Segment Open

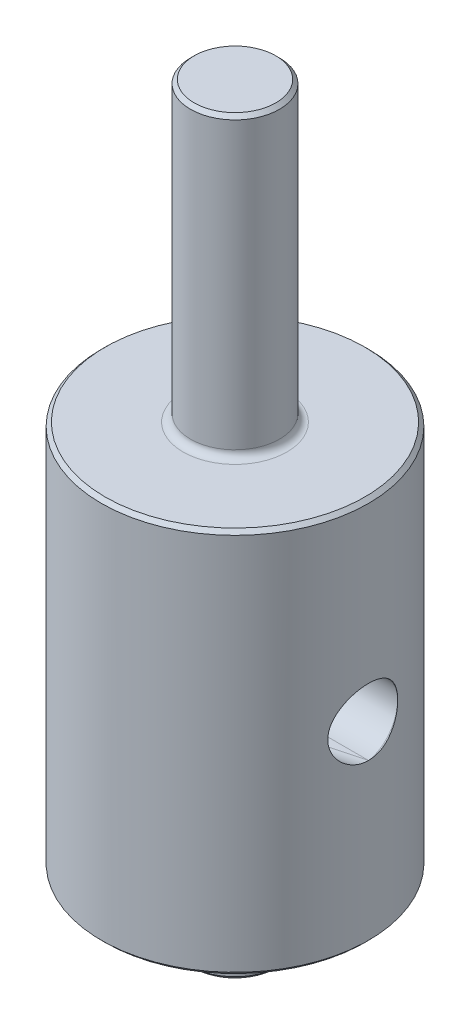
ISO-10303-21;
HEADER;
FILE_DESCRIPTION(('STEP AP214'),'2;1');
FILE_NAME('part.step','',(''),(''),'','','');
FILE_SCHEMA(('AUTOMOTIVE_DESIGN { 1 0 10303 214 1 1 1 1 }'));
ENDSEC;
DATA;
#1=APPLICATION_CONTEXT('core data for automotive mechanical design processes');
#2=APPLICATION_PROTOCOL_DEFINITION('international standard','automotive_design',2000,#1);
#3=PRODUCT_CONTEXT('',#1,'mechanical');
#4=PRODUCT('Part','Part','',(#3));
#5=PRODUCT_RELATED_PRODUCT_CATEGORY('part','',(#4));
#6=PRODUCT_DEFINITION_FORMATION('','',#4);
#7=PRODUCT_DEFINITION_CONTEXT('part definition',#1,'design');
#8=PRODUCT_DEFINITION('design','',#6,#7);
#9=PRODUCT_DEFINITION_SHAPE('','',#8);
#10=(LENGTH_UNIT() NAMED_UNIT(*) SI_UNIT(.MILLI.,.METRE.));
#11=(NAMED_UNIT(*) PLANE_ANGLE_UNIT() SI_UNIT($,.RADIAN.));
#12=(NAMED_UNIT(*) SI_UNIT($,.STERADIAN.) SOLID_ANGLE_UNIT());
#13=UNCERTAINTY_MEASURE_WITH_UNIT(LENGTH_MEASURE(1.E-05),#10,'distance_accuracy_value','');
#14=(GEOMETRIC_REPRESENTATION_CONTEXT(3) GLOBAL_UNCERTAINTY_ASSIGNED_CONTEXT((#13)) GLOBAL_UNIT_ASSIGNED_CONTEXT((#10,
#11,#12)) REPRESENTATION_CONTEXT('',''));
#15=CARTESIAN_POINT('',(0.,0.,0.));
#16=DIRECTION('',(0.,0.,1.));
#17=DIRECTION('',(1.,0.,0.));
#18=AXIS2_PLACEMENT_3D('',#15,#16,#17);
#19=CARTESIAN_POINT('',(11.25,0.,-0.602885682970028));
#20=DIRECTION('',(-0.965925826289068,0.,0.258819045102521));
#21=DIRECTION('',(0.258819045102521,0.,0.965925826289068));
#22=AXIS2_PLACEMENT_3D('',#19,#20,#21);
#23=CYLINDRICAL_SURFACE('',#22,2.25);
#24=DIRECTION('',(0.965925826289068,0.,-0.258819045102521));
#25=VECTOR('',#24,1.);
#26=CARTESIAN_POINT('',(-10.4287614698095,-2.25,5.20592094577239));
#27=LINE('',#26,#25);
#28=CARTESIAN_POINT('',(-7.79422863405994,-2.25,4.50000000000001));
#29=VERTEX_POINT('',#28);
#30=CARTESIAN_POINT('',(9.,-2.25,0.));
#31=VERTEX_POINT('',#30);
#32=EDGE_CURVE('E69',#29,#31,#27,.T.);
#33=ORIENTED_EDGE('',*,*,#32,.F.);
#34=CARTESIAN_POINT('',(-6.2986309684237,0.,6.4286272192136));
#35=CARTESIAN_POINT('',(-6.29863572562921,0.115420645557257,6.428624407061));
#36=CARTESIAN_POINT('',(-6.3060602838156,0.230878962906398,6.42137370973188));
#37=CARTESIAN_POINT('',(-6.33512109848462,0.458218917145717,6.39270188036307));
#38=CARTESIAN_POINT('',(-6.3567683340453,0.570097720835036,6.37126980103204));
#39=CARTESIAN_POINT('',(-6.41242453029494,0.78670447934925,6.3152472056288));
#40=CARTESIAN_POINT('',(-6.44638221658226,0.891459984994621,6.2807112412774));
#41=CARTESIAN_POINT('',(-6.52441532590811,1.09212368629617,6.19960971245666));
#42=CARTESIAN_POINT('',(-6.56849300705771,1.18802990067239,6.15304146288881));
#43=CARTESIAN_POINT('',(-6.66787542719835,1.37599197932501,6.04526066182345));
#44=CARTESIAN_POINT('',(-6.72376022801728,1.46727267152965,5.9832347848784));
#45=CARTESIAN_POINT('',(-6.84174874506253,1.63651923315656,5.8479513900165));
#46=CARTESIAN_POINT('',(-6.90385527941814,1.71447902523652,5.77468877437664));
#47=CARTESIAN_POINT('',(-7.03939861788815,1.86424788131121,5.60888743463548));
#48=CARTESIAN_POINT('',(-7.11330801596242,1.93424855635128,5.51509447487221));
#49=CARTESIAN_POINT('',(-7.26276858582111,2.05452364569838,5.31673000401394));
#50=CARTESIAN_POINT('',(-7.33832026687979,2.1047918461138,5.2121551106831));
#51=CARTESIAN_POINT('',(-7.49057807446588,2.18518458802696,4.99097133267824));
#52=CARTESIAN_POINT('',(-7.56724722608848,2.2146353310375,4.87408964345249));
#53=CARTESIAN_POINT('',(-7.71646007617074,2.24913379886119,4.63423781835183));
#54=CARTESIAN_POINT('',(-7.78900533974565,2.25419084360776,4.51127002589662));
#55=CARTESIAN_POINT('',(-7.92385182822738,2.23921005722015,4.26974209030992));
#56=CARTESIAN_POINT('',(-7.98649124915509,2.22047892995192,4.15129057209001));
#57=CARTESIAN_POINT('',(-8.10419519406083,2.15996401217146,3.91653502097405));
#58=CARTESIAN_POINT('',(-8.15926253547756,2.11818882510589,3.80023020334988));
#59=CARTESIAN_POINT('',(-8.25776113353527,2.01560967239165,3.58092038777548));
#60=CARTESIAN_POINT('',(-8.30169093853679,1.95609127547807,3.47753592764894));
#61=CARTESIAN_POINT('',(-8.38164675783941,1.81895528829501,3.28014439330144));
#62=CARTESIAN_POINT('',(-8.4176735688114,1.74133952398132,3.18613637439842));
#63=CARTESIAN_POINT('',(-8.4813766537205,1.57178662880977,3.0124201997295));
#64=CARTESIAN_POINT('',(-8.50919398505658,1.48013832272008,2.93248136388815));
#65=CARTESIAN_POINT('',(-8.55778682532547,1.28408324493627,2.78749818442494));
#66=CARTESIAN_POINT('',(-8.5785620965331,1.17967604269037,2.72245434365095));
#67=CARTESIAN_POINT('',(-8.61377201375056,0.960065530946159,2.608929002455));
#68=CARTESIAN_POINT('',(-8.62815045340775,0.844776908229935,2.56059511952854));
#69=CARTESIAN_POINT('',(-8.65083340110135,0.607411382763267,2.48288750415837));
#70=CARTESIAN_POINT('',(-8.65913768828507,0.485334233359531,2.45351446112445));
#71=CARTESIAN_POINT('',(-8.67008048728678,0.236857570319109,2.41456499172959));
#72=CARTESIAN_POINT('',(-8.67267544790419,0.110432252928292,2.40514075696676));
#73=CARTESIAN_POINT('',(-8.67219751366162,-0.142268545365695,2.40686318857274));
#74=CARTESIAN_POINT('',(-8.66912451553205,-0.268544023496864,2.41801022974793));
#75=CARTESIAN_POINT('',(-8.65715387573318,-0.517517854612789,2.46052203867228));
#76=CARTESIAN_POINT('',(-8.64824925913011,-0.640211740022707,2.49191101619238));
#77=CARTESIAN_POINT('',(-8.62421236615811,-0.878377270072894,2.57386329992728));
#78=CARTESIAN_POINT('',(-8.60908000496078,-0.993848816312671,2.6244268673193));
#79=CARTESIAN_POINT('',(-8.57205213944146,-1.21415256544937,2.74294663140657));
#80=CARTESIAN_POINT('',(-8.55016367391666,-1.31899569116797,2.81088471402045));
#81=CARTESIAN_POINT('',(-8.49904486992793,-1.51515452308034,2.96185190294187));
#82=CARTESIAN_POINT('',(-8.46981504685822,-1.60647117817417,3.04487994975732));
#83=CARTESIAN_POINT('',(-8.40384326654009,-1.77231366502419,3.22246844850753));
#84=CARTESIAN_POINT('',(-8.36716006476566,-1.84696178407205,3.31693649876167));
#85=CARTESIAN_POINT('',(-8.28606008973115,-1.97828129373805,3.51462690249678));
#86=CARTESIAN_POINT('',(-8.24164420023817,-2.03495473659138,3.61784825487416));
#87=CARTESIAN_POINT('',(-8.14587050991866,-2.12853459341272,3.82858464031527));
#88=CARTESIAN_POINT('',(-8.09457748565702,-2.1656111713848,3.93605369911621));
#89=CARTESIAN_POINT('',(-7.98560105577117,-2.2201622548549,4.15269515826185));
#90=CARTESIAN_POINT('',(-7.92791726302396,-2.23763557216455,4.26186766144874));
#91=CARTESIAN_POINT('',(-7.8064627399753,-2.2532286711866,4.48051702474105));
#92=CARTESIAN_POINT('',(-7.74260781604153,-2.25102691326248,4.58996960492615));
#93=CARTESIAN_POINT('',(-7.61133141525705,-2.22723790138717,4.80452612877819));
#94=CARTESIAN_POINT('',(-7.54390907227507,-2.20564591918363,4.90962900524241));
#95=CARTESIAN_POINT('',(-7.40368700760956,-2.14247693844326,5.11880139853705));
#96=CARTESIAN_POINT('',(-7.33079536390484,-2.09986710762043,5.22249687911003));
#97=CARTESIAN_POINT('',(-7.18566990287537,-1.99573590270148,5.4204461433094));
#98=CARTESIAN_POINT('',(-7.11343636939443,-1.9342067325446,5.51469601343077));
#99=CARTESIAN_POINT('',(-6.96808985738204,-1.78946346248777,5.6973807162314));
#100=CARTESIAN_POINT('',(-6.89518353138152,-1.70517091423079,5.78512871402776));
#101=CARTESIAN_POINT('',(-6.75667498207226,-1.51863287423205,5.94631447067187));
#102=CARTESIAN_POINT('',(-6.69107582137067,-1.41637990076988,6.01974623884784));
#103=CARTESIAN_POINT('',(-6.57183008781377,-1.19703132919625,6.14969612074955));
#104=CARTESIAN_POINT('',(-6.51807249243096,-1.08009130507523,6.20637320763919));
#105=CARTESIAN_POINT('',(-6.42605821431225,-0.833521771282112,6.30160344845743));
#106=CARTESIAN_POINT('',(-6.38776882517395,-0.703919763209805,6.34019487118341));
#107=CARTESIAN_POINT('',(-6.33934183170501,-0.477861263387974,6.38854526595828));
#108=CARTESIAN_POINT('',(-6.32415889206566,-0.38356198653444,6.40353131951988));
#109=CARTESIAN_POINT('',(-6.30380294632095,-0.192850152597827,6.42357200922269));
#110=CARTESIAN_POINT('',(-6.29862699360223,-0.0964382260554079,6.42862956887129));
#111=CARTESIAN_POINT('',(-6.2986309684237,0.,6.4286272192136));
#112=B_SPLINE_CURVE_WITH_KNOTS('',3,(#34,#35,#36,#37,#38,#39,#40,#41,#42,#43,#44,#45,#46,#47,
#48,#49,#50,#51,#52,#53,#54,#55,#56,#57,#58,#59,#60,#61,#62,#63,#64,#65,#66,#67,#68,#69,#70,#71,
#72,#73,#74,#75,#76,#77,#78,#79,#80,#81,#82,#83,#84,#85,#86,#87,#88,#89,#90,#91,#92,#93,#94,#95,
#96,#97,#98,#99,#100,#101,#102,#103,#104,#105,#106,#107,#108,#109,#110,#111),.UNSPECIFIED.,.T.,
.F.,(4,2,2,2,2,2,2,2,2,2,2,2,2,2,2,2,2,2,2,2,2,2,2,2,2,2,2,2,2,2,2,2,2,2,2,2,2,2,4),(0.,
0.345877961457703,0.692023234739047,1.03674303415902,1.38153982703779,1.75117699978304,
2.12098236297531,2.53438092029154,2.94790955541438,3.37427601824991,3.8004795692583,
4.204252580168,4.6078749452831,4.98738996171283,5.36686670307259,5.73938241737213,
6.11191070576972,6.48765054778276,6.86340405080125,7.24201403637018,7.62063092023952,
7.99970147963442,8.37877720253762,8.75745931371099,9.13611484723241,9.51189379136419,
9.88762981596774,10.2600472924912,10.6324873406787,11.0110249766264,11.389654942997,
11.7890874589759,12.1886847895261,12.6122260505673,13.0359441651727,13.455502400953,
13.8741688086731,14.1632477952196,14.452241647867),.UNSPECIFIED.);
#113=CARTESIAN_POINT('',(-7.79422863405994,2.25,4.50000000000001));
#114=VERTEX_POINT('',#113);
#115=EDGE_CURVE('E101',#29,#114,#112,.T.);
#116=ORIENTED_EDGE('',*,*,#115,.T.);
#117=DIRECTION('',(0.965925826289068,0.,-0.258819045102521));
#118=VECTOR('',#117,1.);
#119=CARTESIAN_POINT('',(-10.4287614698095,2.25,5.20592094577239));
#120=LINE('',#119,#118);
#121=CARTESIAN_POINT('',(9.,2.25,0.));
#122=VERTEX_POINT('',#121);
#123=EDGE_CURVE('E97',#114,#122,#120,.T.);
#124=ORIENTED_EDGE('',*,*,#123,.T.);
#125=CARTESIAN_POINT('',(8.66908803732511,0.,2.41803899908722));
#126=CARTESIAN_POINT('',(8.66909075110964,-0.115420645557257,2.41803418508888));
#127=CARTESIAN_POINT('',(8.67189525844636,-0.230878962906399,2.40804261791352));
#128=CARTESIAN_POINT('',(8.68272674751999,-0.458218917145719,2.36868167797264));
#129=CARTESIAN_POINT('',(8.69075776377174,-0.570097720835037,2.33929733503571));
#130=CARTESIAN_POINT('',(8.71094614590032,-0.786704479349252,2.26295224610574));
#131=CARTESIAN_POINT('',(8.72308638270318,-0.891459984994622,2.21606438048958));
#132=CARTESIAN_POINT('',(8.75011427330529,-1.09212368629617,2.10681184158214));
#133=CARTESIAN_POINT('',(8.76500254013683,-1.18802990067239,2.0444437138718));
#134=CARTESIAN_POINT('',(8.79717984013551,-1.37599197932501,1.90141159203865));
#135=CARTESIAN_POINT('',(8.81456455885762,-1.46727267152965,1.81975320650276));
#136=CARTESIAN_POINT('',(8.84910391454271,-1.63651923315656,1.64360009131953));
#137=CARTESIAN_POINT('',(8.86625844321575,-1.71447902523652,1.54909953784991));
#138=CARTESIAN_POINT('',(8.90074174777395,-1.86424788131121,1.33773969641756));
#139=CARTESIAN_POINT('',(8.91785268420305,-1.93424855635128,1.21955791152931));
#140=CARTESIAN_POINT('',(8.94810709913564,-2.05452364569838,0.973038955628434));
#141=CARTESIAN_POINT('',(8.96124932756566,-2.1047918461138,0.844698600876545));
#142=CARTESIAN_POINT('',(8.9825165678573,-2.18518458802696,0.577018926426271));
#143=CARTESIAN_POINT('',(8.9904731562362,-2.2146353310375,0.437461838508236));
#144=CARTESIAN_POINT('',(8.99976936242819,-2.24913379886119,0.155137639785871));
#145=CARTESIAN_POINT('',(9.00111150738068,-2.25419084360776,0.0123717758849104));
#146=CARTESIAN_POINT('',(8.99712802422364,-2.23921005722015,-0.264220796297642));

Segment Closed

Action item:
Keeping every character as it is, restate the lines above that run from the line with "#1=APPLICATION_CONTEXT('core data for" through the line with "#11=(NAMED_UNIT(*) PLANE_ANGLE_UNIT() SI_UNIT($,.RADIAN.));", both included, and nothing else.

Solution for this exercise:
#1=APPLICATION_CONTEXT('core data for automotive mechanical design processes');
#2=APPLICATION_PROTOCOL_DEFINITION('international standard','automotive_design',2000,#1);
#3=PRODUCT_CONTEXT('',#1,'mechanical');
#4=PRODUCT('Part','Part','',(#3));
#5=PRODUCT_RELATED_PRODUCT_CATEGORY('part','',(#4));
#6=PRODUCT_DEFINITION_FORMATION('','',#4);
#7=PRODUCT_DEFINITION_CONTEXT('part definition',#1,'design');
#8=PRODUCT_DEFINITION('design','',#6,#7);
#9=PRODUCT_DEFINITION_SHAPE('','',#8);
#10=(LENGTH_UNIT() NAMED_UNIT(*) SI_UNIT(.MILLI.,.METRE.));
#11=(NAMED_UNIT(*) PLANE_ANGLE_UNIT() SI_UNIT($,.RADIAN.));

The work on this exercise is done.